Coherism 与 ALFM：从量子引力到企业 AI 的反馈循环统一框架

David Ahmann's Coherism project explores two parallel research directions—Coherism (quantum gravity with coherent state backreaction) and ALFM (adaptive learning for enterprise AI)—unified by the core concept of feedback loops for structure emergence via error correction. This work reveals deep information-theoretic connections between fundamental physics and artificial intelligence, with both fields leveraging error correction to drive dynamic structure formation (spacetime geometry in physics, model behavior in AI).

Quantum gravity (studying spacetime and black holes) and enterprise AI (deploying frozen LLMs) seem unrelated, but the Coherism project bridges them. Coherism focuses on how quantum coherent states affect spacetime geometry, while ALFM addresses the challenge of making frozen LLMs learn from errors without retraining. Both share the underlying structure of feedback loops for error correction leading to structure emergence.

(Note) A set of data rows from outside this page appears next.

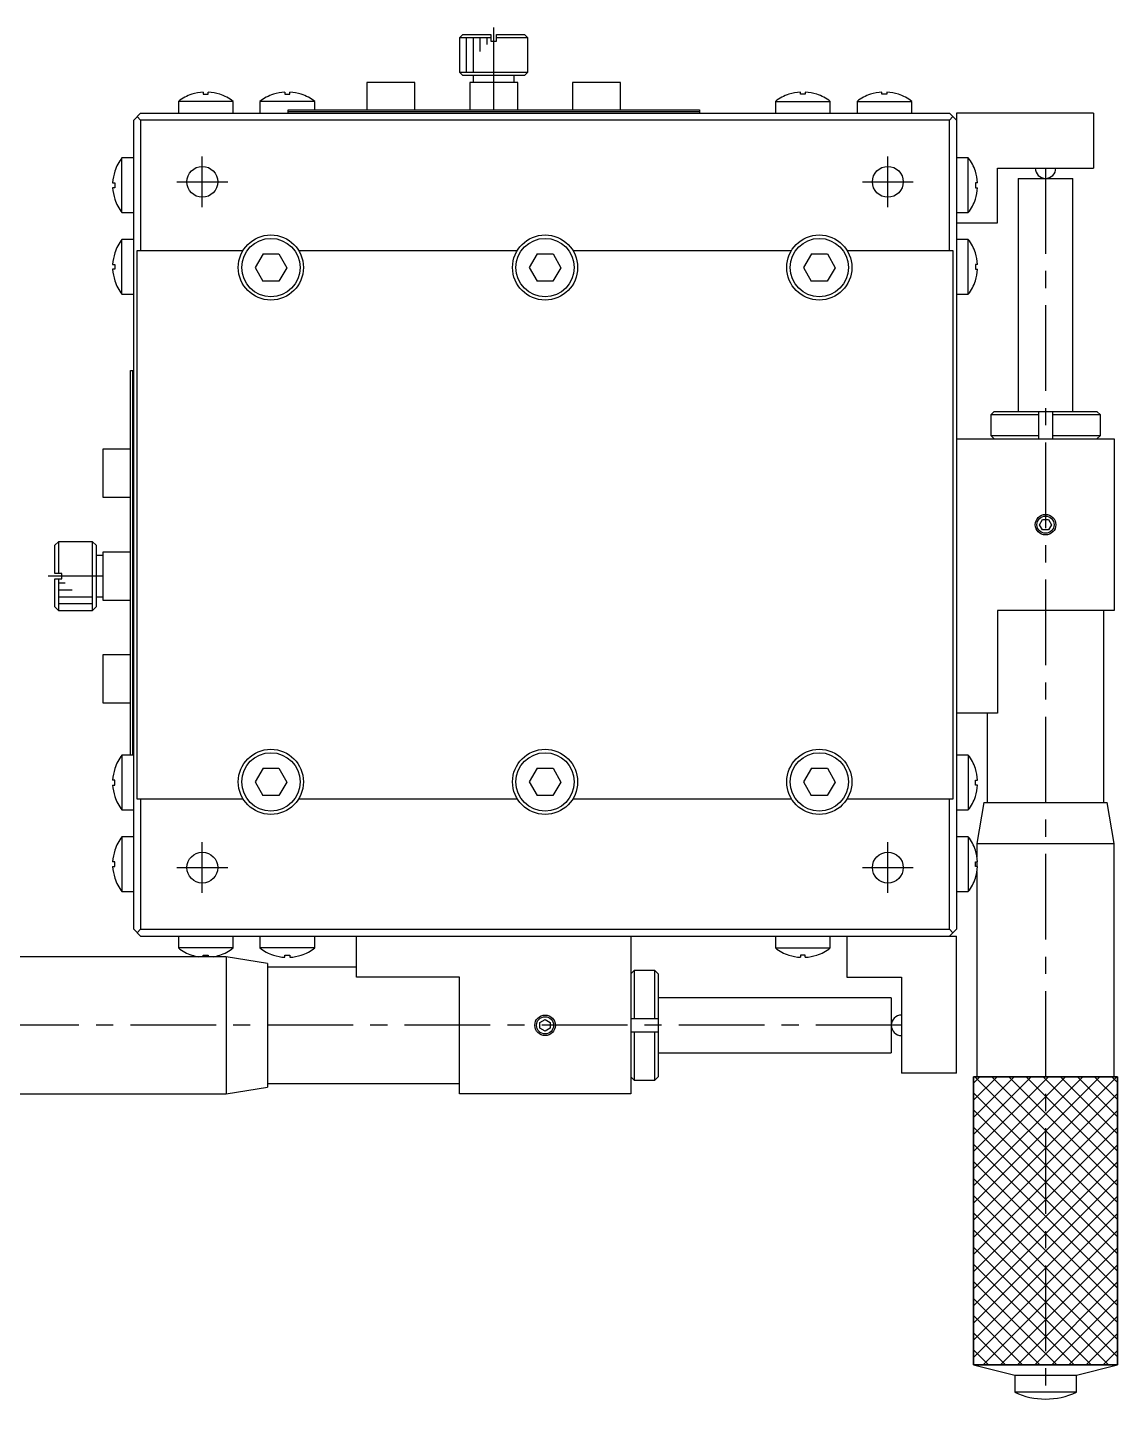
# Model space of a CAD drawing. Extents: x -367 to 375, y 8 to 432.
# Drawn here: x 216.5 to 375.5, y 136.4 to 336.9 of the extents above; entities that cross this region are included whole.
import ezdxf

# ---------------------------------------------------------------- set-up
doc = ezdxf.new("R2010")
doc.units = 0
doc.header["$LTSCALE"] = 10
doc.linetypes.add('CENTER', pattern=[2, 1.25, -0.25, 0.25, -0.25])
doc.layers.get('0').update_dxf_attribs({"linetype": 'CONTINUOUS'})
doc.layers.add('CENTER', color=1, linetype='CENTER')

msp = doc.modelspace()

# ---------------------------------------------------------------- linework, layer by layer
at = {"color": 7, "linetype": 'CONTINUOUS'}
for p, q in [((279.978189, 335.939612), (279.478189, 335.439612)), ((284.078189, 335.439612), (279.478189, 335.439612)), ((279.478189, 335.439612), (279.478189, 330.439612)), ((279.978189, 335.939612), (284.078189, 335.939612)), ((284.078189, 335.939612), (284.078189, 334.939612)), ((284.078189, 334.939612), (284.878189, 334.939612)), ((284.878189, 335.939612), (288.978189, 335.939612)), ((284.878189, 334.939612), (284.878189, 335.939612)), ((289.478189, 335.439612), (284.878189, 335.439612)), ((289.478189, 335.439612), (288.978189, 335.939612)), ((289.478189, 330.439612), (289.478189, 335.439612)), ((265.978189, 328.939612), (265.978189, 324.939612)), ((272.978189, 328.939612), (265.978189, 328.939612)), ((272.978189, 324.939612), (272.978189, 328.939612)), ((279.478189, 330.439612), (279.978189, 329.939612)), ((279.478189, 330.439612), (289.478189, 330.439612)), ((288.978189, 329.939612), (279.978189, 329.939612)), ((280.978189, 328.939612), (280.978189, 324.939612)), ((287.978189, 328.939612), (280.978189, 328.939612)), ((281.478189, 329.939612), (281.478189, 328.939612)), ((287.478189, 328.939612), (287.478189, 329.939612)), ((287.978189, 324.939612), (287.978189, 328.939612)), ((288.978189, 329.939612), (289.478189, 330.439612)), ((295.978189, 328.939612), (295.978189, 324.939612)), ((302.978189, 328.939612), (295.978189, 328.939612)), ((302.978189, 324.939612), (302.978189, 328.939612)), ((240.438345, 327.211244), (240.442758, 327.202195)), ((242.118189, 327.519643), (242.118189, 327.202195)), ((242.118189, 327.202195), (242.838189, 327.202195)), ((242.838189, 327.202195), (242.838189, 327.519643)), ((244.513619, 327.202195), (244.518033, 327.211244)), ((252.338345, 327.211244), (252.342758, 327.202195)), ((254.018189, 327.519643), (254.018189, 327.202195)), ((254.018189, 327.202195), (254.738189, 327.202195)), ((254.738189, 327.202195), (254.738189, 327.519643)), ((256.413619, 327.202195), (256.418033, 327.211244)), ((327.542758, 327.202195), (327.538345, 327.211244)), ((329.218189, 327.202195), (329.218189, 327.519643)), ((329.938189, 327.202195), (329.218189, 327.202195)), ((329.938189, 327.519643), (329.938189, 327.202195)), ((331.618033, 327.211244), (331.613619, 327.202195)), ((339.442758, 327.202195), (339.438345, 327.211244)), ((341.118189, 327.202195), (341.118189, 327.519643)), ((341.838189, 327.202195), (341.118189, 327.202195)), ((341.838189, 327.519643), (341.838189, 327.202195)), ((343.518033, 327.211244), (343.513619, 327.202195)), ((238.478189, 326.163088), (238.478189, 324.439612)), ((246.478189, 326.163088), (238.478189, 326.163088)), ((246.478189, 324.439612), (246.478189, 326.163088)), ((258.378189, 326.163088), (250.378189, 326.163088)), ((250.378189, 326.163088), (250.378189, 324.439612)), ((254.478189, 324.939612), (314.478189, 324.939612)), ((254.478189, 324.439612), (254.478189, 324.939612)), ((258.378189, 324.939612), (258.378189, 326.163088)), ((314.478189, 324.939612), (314.478189, 324.439612)), ((325.578189, 326.163088), (333.578189, 326.163088)), ((325.578189, 326.163088), (325.578189, 324.439612)), ((333.578189, 324.439612), (333.578189, 326.163088)), ((337.478189, 326.163088), (337.478189, 324.439612)), ((337.478189, 326.163088), (345.478189, 326.163088)), ((345.478189, 324.439612), (345.478189, 326.163088)), ((232.978189, 324.439612), (231.978189, 323.439612)), ((231.978189, 205.439612), (231.978189, 323.439612)), ((232.978189, 323.439612), (232.478189, 323.939612)), ((232.978189, 324.439612), (350.978189, 324.439612)), ((232.978189, 323.439612), (232.978189, 304.439612)), ((350.978189, 323.439612), (232.978189, 323.439612)), ((314.478189, 324.639612), (254.478189, 324.639612)), ((351.978189, 323.439612), (350.978189, 324.439612)), ((350.978189, 323.439612), (351.478189, 323.939612)), ((350.978189, 304.439612), (350.978189, 323.439612)), ((371.978189, 324.439612), (351.978189, 324.439612)), ((351.978189, 324.439612), (351.978189, 205.439612)), ((371.978189, 324.439612), (371.978189, 316.439612)), ((231.978189, 317.939612), (230.254714, 317.939612)), ((230.254714, 309.939612), (230.254714, 317.939612)), ((353.701664, 317.939612), (351.978189, 317.939612)), ((353.701664, 309.939612), (353.701664, 317.939612)), ((229.206557, 315.979456), (229.215606, 315.975043)), ((354.749821, 315.979456), (354.740771, 315.975043)), ((357.978189, 316.439612), (371.978189, 316.439612)), ((357.978189, 308.439612), (357.978189, 316.439612)), ((360.978189, 314.939612), (368.978189, 314.939612)), ((360.978189, 314.939612), (360.978189, 280.939612)), ((368.978189, 280.939612), (368.978189, 314.939612)), ((228.898158, 314.299612), (229.215606, 314.299612)), ((229.215606, 313.579612), (228.898158, 313.579612)), ((229.215606, 314.299612), (229.215606, 313.579612)), ((355.05822, 314.299612), (354.740771, 314.299612)), ((354.740771, 314.299612), (354.740771, 313.579612)), ((354.740771, 313.579612), (355.05822, 313.579612)), ((229.215606, 311.904182), (229.206557, 311.899768)), ((354.740771, 311.904182), (354.749821, 311.899768)), ((230.254714, 309.939612), (231.978189, 309.939612)), ((351.978189, 309.939612), (353.701664, 309.939612)), ((351.978189, 308.439612), (357.978189, 308.439612)), ((230.254714, 298.039612), (230.254714, 306.039612)), ((231.978189, 306.039612), (230.254714, 306.039612)), ((353.701664, 306.039612), (351.978189, 306.039612)), ((353.701664, 298.039612), (353.701664, 306.039612)), ((229.206557, 304.079456), (229.215606, 304.075043)), ((232.478189, 224.439612), (232.478189, 304.439612)), ((232.478189, 304.439612), (247.939315, 304.439612)), ((250.841649, 303.949988), (249.668883, 301.960528)), ((250.841649, 303.949988), (253.150955, 303.929073)), ((253.150955, 303.929073), (254.287495, 301.918697)), ((256.017063, 304.439612), (287.939315, 304.439612)), ((290.841649, 303.949988), (289.668883, 301.960528)), ((290.841649, 303.949988), (293.150955, 303.929073)), ((293.150955, 303.929073), (294.287495, 301.918697)), ((296.017063, 304.439612), (327.939315, 304.439612)), ((330.841649, 303.949988), (329.668883, 301.960528)), ((330.841649, 303.949988), (333.150955, 303.929073)), ((333.150955, 303.929073), (334.287495, 301.918697)), ((336.017063, 304.439612), (351.478189, 304.439612)), ((351.478189, 304.439612), (351.478189, 224.439612)), ((354.749821, 304.079456), (354.740771, 304.075043)), ((228.898158, 302.399612), (229.215606, 302.399612)), ((229.215606, 301.679612), (228.898158, 301.679612)), ((229.215606, 302.399612), (229.215606, 301.679612)), ((249.668883, 301.960528), (250.805423, 299.950152)), ((254.287495, 301.918697), (253.114729, 299.929237)), ((289.668883, 301.960528), (290.805423, 299.950152)), ((294.287495, 301.918697), (293.114729, 299.929237)), ((329.668883, 301.960528), (330.805423, 299.950152)), ((334.287495, 301.918697), (333.114729, 299.929237)), ((355.05822, 302.399612), (354.740771, 302.399612)), ((354.740771, 302.399612), (354.740771, 301.679612)), ((354.740771, 301.679612), (355.05822, 301.679612)), ((229.215606, 300.004182), (229.206557, 299.999768)), ((253.114729, 299.929237), (250.805423, 299.950152)), ((293.114729, 299.929237), (290.805423, 299.950152)), ((333.114729, 299.929237), (330.805423, 299.950152)), ((354.740771, 300.004182), (354.749821, 299.999768)), ((230.254714, 298.039612), (231.978189, 298.039612)), ((351.978189, 298.039612), (353.701664, 298.039612)), ((231.478189, 230.839612), (231.478189, 286.939612)), ((231.478189, 286.939612), (231.978189, 286.939612)), ((231.778189, 286.939612), (231.778189, 230.839612)), ((357.478189, 280.939612), (356.978189, 280.439612)), ((357.478189, 280.939612), (372.478189, 280.939612)), ((363.978189, 276.939612), (363.978189, 280.939612)), ((365.978189, 280.939612), (365.978189, 276.939612)), ((372.978189, 280.439612), (372.478189, 280.939612)), ((363.978189, 280.439612), (356.978189, 280.439612)), ((356.978189, 280.439612), (356.978189, 277.439612)), ((372.978189, 280.439612), (365.978189, 280.439612)), ((372.978189, 277.439612), (372.978189, 280.439612)), ((351.978189, 276.939612), (374.978189, 276.939612)), ((356.978189, 277.439612), (363.978189, 277.439612)), ((356.978189, 277.439612), (357.478189, 276.939612)), ((365.978189, 277.439612), (372.978189, 277.439612)), ((372.478189, 276.939612), (372.978189, 277.439612)), ((374.978189, 276.939612), (374.978189, 251.939612)), ((231.478189, 275.439612), (227.478189, 275.439612)), ((227.478189, 275.439612), (227.478189, 268.439612)), ((227.478189, 268.439612), (231.478189, 268.439612)), ((364.112164, 264.439612), (364.545176, 265.189612)), ((364.545176, 265.189612), (365.411202, 265.189612)), ((365.411202, 265.189612), (365.844214, 264.439612)), ((364.545176, 263.689612), (364.112164, 264.439612)), ((365.411202, 263.689612), (364.545176, 263.689612)), ((365.844214, 264.439612), (365.411202, 263.689612)), ((220.978189, 261.939612), (220.478189, 261.439612)), ((220.478189, 257.339612), (220.478189, 261.439612)), ((220.978189, 261.939612), (220.978189, 257.339612)), ((225.978189, 261.939612), (220.978189, 261.939612)), ((226.478189, 261.439612), (225.978189, 261.939612)), ((225.978189, 251.939612), (225.978189, 261.939612)), ((226.478189, 261.439612), (226.478189, 252.439612)), ((227.478189, 259.939612), (226.478189, 259.939612)), ((231.478189, 260.439612), (227.478189, 260.439612)), ((227.478189, 260.439612), (227.478189, 253.439612)), ((221.478189, 257.339612), (220.478189, 257.339612)), ((221.478189, 256.539612), (221.478189, 257.339612)), ((220.478189, 252.439612), (220.478189, 256.539612)), ((220.478189, 256.539612), (221.478189, 256.539612)), ((220.978189, 256.539612), (220.978189, 251.939612)), ((226.478189, 253.939612), (227.478189, 253.939612)), ((227.478189, 253.439612), (231.478189, 253.439612)), ((220.478189, 252.439612), (220.978189, 251.939612)), ((220.978189, 251.939612), (225.978189, 251.939612)), ((225.978189, 251.939612), (226.478189, 252.439612)), ((357.978189, 251.939612), (357.978189, 236.939612)), ((374.978189, 251.939612), (357.978189, 251.939612)), ((373.478189, 223.939612), (373.478189, 251.939612)), ((231.478189, 245.439612), (227.478189, 245.439612)), ((227.478189, 245.439612), (227.478189, 238.439612)), ((227.478189, 238.439612), (231.478189, 238.439612)), ((357.978189, 236.939612), (351.978189, 236.939612)), ((356.478189, 236.939612), (356.478189, 223.939612)), ((230.254714, 230.839612), (230.254714, 222.839612)), ((231.978189, 230.839612), (230.254714, 230.839612)), ((353.701664, 230.839612), (351.978189, 230.839612)), ((353.701664, 230.839612), (353.701664, 222.839612)), ((229.215606, 228.875043), (229.206557, 228.879456)), ((250.841649, 228.949988), (249.668883, 226.960528)), ((250.841649, 228.949988), (253.150955, 228.929073)), ((253.150955, 228.929073), (254.287495, 226.918697)), ((290.841649, 228.949988), (289.668883, 226.960528)), ((290.841649, 228.949988), (293.150955, 228.929073)), ((293.150955, 228.929073), (294.287495, 226.918697)), ((330.841649, 228.949988), (329.668883, 226.960528)), ((330.841649, 228.949988), (333.150955, 228.929073)), ((333.150955, 228.929073), (334.287495, 226.918697)), ((354.740771, 228.875043), (354.749821, 228.879456)), ((229.215606, 227.199612), (228.898158, 227.199612)), ((229.215606, 226.479612), (229.215606, 227.199612)), ((249.668883, 226.960528), (250.805423, 224.950152)), ((254.287495, 226.918697), (253.114729, 224.929237)), ((289.668883, 226.960528), (290.805423, 224.950152)), ((294.287495, 226.918697), (293.114729, 224.929237)), ((329.668883, 226.960528), (330.805423, 224.950152)), ((334.287495, 226.918697), (333.114729, 224.929237)), ((354.740771, 227.199612), (355.05822, 227.199612)), ((354.740771, 226.479612), (354.740771, 227.199612)), ((228.898158, 226.479612), (229.215606, 226.479612)), ((229.206557, 224.799768), (229.215606, 224.804182)), ((253.114729, 224.929237), (250.805423, 224.950152)), ((293.114729, 224.929237), (290.805423, 224.950152)), ((333.114729, 224.929237), (330.805423, 224.950152)), ((355.05822, 226.479612), (354.740771, 226.479612)), ((354.749821, 224.799768), (354.740771, 224.804182)), ((230.254714, 222.839612), (231.978189, 222.839612)), ((247.939315, 224.439612), (232.478189, 224.439612)), ((232.978189, 224.439612), (232.978189, 205.439612)), ((287.939315, 224.439612), (256.017063, 224.439612)), ((327.939315, 224.439612), (296.017063, 224.439612)), ((351.478189, 224.439612), (336.017063, 224.439612)), ((350.978189, 205.439612), (350.978189, 224.439612)), ((351.978189, 222.839612), (353.701664, 222.839612)), ((355.978189, 223.939612), (354.978189, 217.939612)), ((355.978189, 223.939612), (373.978189, 223.939612)), ((374.978189, 217.939612), (373.978189, 223.939612)), ((231.978189, 218.939612), (230.254714, 218.939612)), ((230.254714, 218.939612), (230.254714, 210.939612)), ((353.701664, 218.939612), (351.978189, 218.939612)), ((353.701664, 218.939612), (353.701664, 210.939612)), ((229.215606, 216.975043), (229.206557, 216.979456)), ((354.740771, 216.975043), (354.749821, 216.979456)), ((354.978189, 217.939612), (374.978189, 217.939612)), ((354.978189, 217.939612), (354.978189, 216.016831)), ((374.978189, 183.939612), (374.978189, 217.939612)), ((229.215606, 215.299612), (228.898158, 215.299612)), ((228.898158, 214.579612), (229.215606, 214.579612)), ((229.215606, 214.579612), (229.215606, 215.299612)), ((354.740771, 215.299612), (355.05822, 215.299612)), ((354.740771, 214.579612), (354.740771, 215.299612)), ((355.05822, 214.579612), (354.740771, 214.579612)), ((354.978189, 215.299612), (354.978189, 214.579612)), ((229.206557, 212.899768), (229.215606, 212.904182)), ((354.749821, 212.899768), (354.740771, 212.904182)), ((354.978189, 213.862394), (354.978189, 183.939612)), ((230.254714, 210.939612), (231.978189, 210.939612)), ((351.978189, 210.939612), (353.701664, 210.939612)), ((231.978189, 205.439612), (232.978189, 204.439612)), ((232.478189, 204.939612), (232.978189, 205.439612)), ((232.978189, 205.439612), (350.978189, 205.439612)), ((351.478189, 204.939612), (350.978189, 205.439612)), ((350.978189, 204.439612), (351.978189, 205.439612)), ((232.978189, 204.439612), (351.978189, 204.439612)), ((238.478189, 204.439612), (238.478189, 202.716137)), ((246.478189, 202.716137), (238.478189, 202.716137)), ((246.478189, 202.716137), (246.478189, 204.439612)), ((250.378189, 204.439612), (250.378189, 202.716137)), ((258.378189, 202.716137), (250.378189, 202.716137)), ((258.378189, 202.716137), (258.378189, 204.439612)), ((264.478189, 198.439612), (264.478189, 204.439612)), ((304.478189, 204.439612), (304.478189, 181.439612)), ((325.578189, 204.439612), (325.578189, 202.716137)), ((325.578189, 202.716137), (333.578189, 202.716137)), ((333.578189, 202.716137), (333.578189, 204.439612)), ((335.978189, 204.439612), (335.978189, 198.439612)), ((351.978189, 184.439612), (351.978189, 204.439612)), ((245.478189, 201.439612), (211.478189, 201.439612)), ((240.438345, 201.667981), (240.442758, 201.67703)), ((242.118189, 201.67703), (242.838189, 201.67703)), ((242.118189, 201.439612), (242.118189, 201.67703)), ((242.838189, 201.67703), (242.838189, 201.439612)), ((244.513619, 201.67703), (244.518033, 201.667981)), ((245.478189, 201.439612), (245.478189, 181.439612)), ((251.478189, 200.439612), (245.478189, 201.439612)), ((252.338345, 201.667981), (252.342758, 201.67703)), ((254.018189, 201.67703), (254.738189, 201.67703)), ((254.018189, 201.359581), (254.018189, 201.67703)), ((254.738189, 201.67703), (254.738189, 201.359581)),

Coherism proposes a semi-classical gravity framework with an information stress tensor Θ_μν, where relative entropy S(ρ‖σ_β) (between quantum state ρ and reference state σ_β) acts as a gravity source. Key predictions:

• BEC density modulation difference (~1e-6) in acoustic black hole near-horizon regions.
• Differential observable ΔA ≈2.3e-7 (direct entropy injection measurement).
• Falsification: if ΔA <5e-8, the acoustic version is invalid. Technical validation includes scripts like bec_sonic_horizon_simulation.py (acoustic models) and gpe_protocol_simulation.py (1D GPE kernel with 0.5% precision).

ALFM solves frozen LLM issues (no instant learning, risk calibration, tenant isolation) via a wrapper architecture: User input → [Frozen backbone + NEP memory + Consensus engine] → Decision → Output/Reject Core components:

• NEP: Negative Evidence Prior (vectorized failure memory for self-doubt calibration).
• Consensus Engine: Multi-agent arbitration balancing intuition and rules.
• Three-Tier Adapters: Ensure safe learning and tenant isolation. ALFM-BEM extends it with bidirectional experience memory (stores success/failure, active learning for OOD inputs, bounded adapters for stability).

Coherism: Simulations validate predictions and quantify system errors; compatible with the Weak Equivalence Principle (WEP violation η_coh ~1e-30·α, below detection limits). ALFM: Medical scenario results:

• Failure retrieval F1: ~0.59; success retrieval rate: ~0.70 (bidirectional, unlike RAG).
• OOD detection AUC: ~1.0 (clustering mode).
• Rejection rate: from ~11.6% → ~2.5% (final window ~1.2%).
• Query gain: ~6.2% accuracy boost in high uncertainty. Key RAG difference: BEM stores experience with results (auto-learns from deployment, no manual curation) vs RAG's document storage.

Coherism and ALFM share a core paradigm—structure emerges via continuous error correction:

Dimension	Coherism (Physics)	ALFM (AI)
Basic Object	Quantum state ρ & reference σ	Input query & experience memory
Core Metric	Relative entropy S(ρ‖σ)	Semantic similarity + risk signal
Feedback Mechanism	Info stress tensor backreaction	NEP update + adapter adjustment
Emergent Structure	Spacetime geometry correction	Model behavior improvement
Key Insight	Error correction → geometry	Error correction → intelligence
Both show structure is dynamic, not static—formed via ongoing error correction.

The project's value:

1. Cross-disciplinary unification: Basic physics and AI share conceptual foundations (feedback loops).
2. Feedback universality: Error correction may be a universal principle for complex system emergence.
3. Falsifiability: Both physics predictions and AI systems are verifiable/falsifiable.
4. Open science: Full open code (Zenodo DOIs) ensures reproducibility. Implications:

• Physics: Coherism offers a quantum-gravity interface testable via acoustic black hole experiments.
• AI: ALFM solves frozen LLM deployment pain points.
• Cross-disciplinary: Encourages bridging unrelated fields to find deep unities.